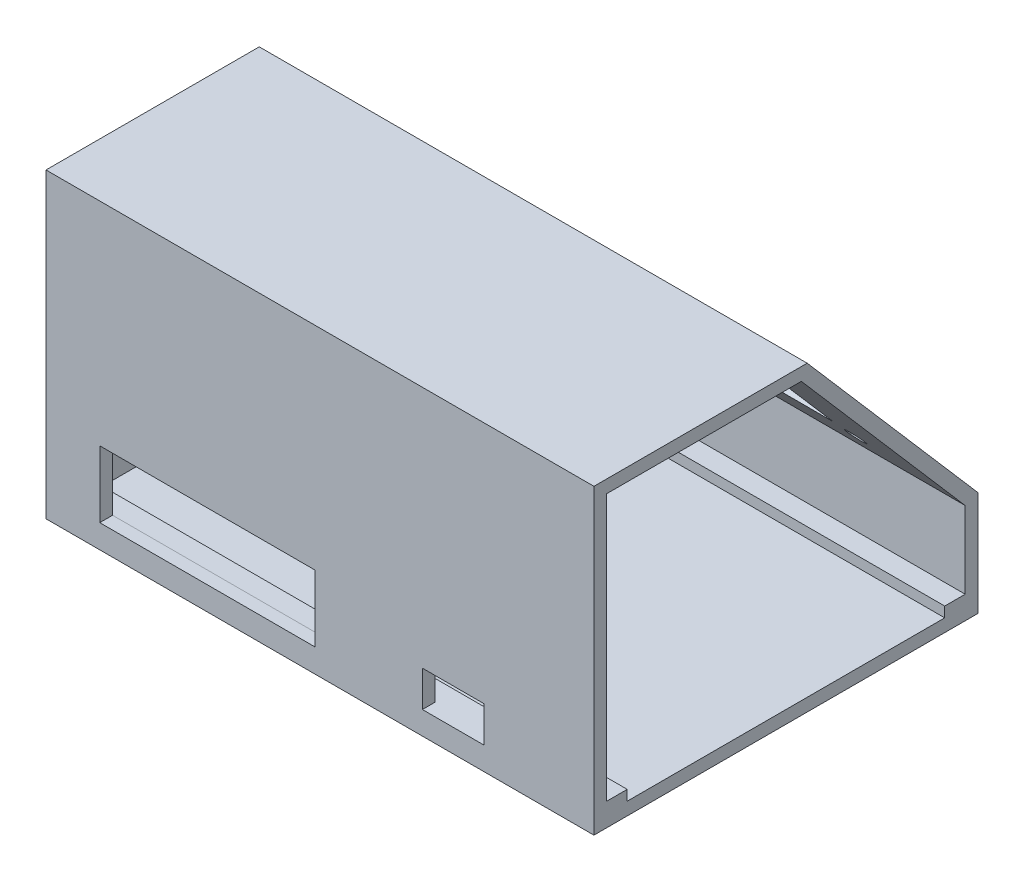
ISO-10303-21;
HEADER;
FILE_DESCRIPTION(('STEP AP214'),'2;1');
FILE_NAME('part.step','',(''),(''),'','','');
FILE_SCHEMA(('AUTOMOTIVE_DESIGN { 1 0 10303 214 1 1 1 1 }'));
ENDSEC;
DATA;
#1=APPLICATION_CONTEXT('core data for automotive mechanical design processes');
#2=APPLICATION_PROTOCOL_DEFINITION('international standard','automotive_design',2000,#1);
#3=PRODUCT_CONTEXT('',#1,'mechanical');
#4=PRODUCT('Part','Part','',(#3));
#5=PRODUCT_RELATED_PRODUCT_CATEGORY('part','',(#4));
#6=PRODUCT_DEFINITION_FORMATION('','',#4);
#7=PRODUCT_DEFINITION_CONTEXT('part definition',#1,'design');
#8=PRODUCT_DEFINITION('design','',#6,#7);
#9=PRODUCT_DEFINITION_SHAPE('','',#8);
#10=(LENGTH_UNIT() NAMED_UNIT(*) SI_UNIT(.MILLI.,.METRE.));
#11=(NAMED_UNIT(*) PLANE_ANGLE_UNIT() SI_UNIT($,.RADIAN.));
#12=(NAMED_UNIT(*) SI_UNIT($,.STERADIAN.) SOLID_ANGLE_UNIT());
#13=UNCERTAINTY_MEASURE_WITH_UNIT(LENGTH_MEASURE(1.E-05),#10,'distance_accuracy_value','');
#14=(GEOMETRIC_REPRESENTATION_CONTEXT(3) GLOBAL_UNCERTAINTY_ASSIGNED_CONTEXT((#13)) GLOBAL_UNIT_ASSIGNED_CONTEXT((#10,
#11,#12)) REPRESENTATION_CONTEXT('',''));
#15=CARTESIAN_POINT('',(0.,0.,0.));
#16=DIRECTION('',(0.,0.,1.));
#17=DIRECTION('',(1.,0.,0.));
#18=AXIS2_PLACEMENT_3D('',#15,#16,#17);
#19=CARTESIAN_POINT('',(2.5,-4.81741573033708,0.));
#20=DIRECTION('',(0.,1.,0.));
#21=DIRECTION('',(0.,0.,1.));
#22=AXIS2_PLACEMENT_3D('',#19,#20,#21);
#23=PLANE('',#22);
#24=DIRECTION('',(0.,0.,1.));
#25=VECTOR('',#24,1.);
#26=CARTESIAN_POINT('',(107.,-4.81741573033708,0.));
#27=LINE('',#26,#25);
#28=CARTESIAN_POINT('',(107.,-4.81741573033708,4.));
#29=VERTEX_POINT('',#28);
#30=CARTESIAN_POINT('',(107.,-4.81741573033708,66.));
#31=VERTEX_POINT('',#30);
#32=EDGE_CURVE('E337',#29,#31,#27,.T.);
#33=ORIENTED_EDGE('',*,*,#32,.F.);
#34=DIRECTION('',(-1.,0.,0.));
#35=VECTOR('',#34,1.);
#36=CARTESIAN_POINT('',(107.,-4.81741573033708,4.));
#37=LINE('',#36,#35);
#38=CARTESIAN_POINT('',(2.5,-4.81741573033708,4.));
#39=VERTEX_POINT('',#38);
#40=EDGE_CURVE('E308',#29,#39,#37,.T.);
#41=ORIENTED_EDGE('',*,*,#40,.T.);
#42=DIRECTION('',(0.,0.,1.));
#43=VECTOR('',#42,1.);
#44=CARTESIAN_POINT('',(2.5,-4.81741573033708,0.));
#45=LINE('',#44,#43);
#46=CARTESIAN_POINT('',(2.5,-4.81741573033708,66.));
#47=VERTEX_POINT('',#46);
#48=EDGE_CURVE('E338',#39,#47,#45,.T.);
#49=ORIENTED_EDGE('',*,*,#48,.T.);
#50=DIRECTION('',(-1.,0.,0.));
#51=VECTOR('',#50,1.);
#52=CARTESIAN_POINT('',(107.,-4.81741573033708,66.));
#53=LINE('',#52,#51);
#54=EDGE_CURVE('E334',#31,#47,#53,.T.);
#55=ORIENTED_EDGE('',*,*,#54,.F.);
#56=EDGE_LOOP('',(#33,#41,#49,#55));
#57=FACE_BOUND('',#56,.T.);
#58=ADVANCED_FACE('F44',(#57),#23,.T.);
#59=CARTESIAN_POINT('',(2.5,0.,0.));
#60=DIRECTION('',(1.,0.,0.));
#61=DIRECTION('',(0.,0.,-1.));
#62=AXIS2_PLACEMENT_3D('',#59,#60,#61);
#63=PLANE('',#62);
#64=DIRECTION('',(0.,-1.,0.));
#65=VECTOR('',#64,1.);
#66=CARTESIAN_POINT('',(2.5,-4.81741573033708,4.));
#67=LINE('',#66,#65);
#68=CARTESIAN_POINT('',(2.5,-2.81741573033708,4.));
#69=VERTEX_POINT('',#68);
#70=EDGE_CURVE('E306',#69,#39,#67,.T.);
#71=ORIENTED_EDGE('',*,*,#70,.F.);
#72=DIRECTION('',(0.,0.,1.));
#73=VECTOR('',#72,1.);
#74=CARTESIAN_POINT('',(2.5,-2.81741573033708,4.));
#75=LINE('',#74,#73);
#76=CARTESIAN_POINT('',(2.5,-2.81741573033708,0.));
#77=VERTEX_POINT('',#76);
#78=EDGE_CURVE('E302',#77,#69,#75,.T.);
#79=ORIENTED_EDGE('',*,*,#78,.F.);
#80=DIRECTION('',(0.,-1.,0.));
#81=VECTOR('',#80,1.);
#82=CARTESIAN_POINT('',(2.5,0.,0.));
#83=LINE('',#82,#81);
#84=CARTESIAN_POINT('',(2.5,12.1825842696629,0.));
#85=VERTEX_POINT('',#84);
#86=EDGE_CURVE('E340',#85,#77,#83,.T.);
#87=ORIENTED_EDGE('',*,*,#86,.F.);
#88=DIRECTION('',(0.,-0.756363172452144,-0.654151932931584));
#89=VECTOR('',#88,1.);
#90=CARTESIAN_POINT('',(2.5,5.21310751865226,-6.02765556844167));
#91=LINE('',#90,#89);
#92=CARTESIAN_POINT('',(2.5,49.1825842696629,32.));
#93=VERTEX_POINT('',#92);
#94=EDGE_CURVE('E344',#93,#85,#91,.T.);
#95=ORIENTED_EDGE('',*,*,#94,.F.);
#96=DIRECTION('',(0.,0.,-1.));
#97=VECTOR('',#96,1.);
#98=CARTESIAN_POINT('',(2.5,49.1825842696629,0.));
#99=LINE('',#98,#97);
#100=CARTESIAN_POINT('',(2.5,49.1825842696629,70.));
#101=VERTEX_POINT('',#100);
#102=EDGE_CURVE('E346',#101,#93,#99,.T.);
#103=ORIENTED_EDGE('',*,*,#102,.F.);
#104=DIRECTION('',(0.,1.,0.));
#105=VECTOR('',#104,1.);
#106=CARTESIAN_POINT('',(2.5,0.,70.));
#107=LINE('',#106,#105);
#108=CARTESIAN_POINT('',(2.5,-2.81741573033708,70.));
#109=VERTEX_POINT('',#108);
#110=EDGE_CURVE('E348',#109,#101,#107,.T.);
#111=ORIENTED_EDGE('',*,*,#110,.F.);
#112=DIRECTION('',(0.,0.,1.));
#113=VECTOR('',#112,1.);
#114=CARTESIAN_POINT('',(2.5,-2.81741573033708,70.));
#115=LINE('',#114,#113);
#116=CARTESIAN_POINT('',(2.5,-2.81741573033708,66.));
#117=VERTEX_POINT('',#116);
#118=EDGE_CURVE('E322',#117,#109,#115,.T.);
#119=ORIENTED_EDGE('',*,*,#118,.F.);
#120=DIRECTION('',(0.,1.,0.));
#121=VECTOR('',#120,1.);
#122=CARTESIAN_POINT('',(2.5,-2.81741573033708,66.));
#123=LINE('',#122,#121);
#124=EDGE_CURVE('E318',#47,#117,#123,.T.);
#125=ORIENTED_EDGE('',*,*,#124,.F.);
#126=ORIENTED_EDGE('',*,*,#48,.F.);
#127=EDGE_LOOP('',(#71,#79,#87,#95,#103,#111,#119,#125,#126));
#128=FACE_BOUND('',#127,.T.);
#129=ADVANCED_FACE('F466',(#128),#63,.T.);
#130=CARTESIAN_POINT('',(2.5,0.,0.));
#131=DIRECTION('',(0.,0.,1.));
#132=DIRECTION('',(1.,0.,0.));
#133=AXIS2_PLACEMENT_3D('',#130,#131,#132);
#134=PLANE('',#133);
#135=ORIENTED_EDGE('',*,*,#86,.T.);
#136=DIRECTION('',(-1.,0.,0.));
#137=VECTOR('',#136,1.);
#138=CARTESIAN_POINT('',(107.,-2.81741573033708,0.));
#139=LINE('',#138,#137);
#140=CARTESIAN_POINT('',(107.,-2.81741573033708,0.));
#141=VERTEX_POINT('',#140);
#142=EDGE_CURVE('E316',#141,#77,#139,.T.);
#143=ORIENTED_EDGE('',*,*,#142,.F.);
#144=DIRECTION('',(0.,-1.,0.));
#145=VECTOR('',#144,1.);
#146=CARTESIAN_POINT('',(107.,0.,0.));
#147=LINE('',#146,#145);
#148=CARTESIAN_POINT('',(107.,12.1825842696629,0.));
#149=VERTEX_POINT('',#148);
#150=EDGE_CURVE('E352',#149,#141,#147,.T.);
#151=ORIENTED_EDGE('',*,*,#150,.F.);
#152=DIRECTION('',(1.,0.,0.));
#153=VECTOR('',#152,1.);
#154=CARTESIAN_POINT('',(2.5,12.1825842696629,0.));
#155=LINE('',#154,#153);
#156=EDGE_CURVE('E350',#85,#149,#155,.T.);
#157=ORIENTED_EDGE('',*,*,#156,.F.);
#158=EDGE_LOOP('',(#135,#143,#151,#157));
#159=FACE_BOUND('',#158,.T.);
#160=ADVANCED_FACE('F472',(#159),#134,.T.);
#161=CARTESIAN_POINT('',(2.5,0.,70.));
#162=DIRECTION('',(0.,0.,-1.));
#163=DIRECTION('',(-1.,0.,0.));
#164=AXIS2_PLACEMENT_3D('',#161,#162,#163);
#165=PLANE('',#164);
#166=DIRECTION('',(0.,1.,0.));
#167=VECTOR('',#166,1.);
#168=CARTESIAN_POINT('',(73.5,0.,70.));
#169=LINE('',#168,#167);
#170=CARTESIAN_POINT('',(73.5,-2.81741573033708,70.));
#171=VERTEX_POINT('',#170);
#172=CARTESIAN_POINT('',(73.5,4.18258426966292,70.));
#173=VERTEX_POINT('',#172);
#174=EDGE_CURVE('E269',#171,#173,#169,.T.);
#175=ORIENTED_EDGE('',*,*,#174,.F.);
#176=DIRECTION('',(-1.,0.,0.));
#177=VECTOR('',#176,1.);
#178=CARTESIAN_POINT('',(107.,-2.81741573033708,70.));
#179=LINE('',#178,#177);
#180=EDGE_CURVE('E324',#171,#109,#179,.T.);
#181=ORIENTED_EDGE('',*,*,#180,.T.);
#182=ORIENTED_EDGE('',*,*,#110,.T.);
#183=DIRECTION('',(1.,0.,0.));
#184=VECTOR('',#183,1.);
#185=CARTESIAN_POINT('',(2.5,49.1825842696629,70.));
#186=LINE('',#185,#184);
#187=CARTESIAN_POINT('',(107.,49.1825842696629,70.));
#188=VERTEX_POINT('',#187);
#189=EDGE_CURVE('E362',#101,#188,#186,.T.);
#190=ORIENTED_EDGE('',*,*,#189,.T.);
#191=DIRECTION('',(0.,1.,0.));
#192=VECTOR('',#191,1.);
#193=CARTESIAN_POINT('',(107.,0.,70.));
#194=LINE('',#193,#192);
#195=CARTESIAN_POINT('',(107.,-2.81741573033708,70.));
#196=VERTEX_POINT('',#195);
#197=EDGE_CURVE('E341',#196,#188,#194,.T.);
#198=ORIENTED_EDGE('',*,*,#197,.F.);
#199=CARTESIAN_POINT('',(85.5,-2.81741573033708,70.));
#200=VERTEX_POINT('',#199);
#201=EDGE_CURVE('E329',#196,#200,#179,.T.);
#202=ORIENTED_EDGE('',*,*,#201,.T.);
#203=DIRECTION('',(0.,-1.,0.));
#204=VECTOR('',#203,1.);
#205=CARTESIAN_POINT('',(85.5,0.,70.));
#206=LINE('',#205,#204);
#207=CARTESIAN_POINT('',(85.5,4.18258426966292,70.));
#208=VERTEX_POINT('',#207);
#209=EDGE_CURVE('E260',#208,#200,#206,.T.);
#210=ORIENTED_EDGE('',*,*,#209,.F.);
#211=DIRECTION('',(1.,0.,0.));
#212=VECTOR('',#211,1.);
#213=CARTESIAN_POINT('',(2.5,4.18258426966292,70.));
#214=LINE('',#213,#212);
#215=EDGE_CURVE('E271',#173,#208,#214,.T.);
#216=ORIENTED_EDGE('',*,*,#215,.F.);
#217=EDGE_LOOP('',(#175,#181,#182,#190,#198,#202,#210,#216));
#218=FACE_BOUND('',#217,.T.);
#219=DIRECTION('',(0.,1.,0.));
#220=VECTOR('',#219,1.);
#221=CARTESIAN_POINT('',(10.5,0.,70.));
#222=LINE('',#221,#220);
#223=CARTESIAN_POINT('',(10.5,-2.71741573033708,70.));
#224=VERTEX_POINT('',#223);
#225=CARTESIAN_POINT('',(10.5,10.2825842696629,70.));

● ● ● ●

#### [About this task]
From the entries above, restate word for word the lines from the line containing "#103=ORIENTED_EDGE('',*,*,#102,.F.);" to the line containing "#121=VECTOR('',#120,1.);", both ends included, and nothing more.

#### [Expected output]
#103=ORIENTED_EDGE('',*,*,#102,.F.);
#104=DIRECTION('',(0.,1.,0.));
#105=VECTOR('',#104,1.);
#106=CARTESIAN_POINT('',(2.5,0.,70.));
#107=LINE('',#106,#105);
#108=CARTESIAN_POINT('',(2.5,-2.81741573033708,70.));
#109=VERTEX_POINT('',#108);
#110=EDGE_CURVE('E348',#109,#101,#107,.T.);
#111=ORIENTED_EDGE('',*,*,#110,.F.);
#112=DIRECTION('',(0.,0.,1.));
#113=VECTOR('',#112,1.);
#114=CARTESIAN_POINT('',(2.5,-2.81741573033708,70.));
#115=LINE('',#114,#113);
#116=CARTESIAN_POINT('',(2.5,-2.81741573033708,66.));
#117=VERTEX_POINT('',#116);
#118=EDGE_CURVE('E322',#117,#109,#115,.T.);
#119=ORIENTED_EDGE('',*,*,#118,.F.);
#120=DIRECTION('',(0.,1.,0.));
#121=VECTOR('',#120,1.);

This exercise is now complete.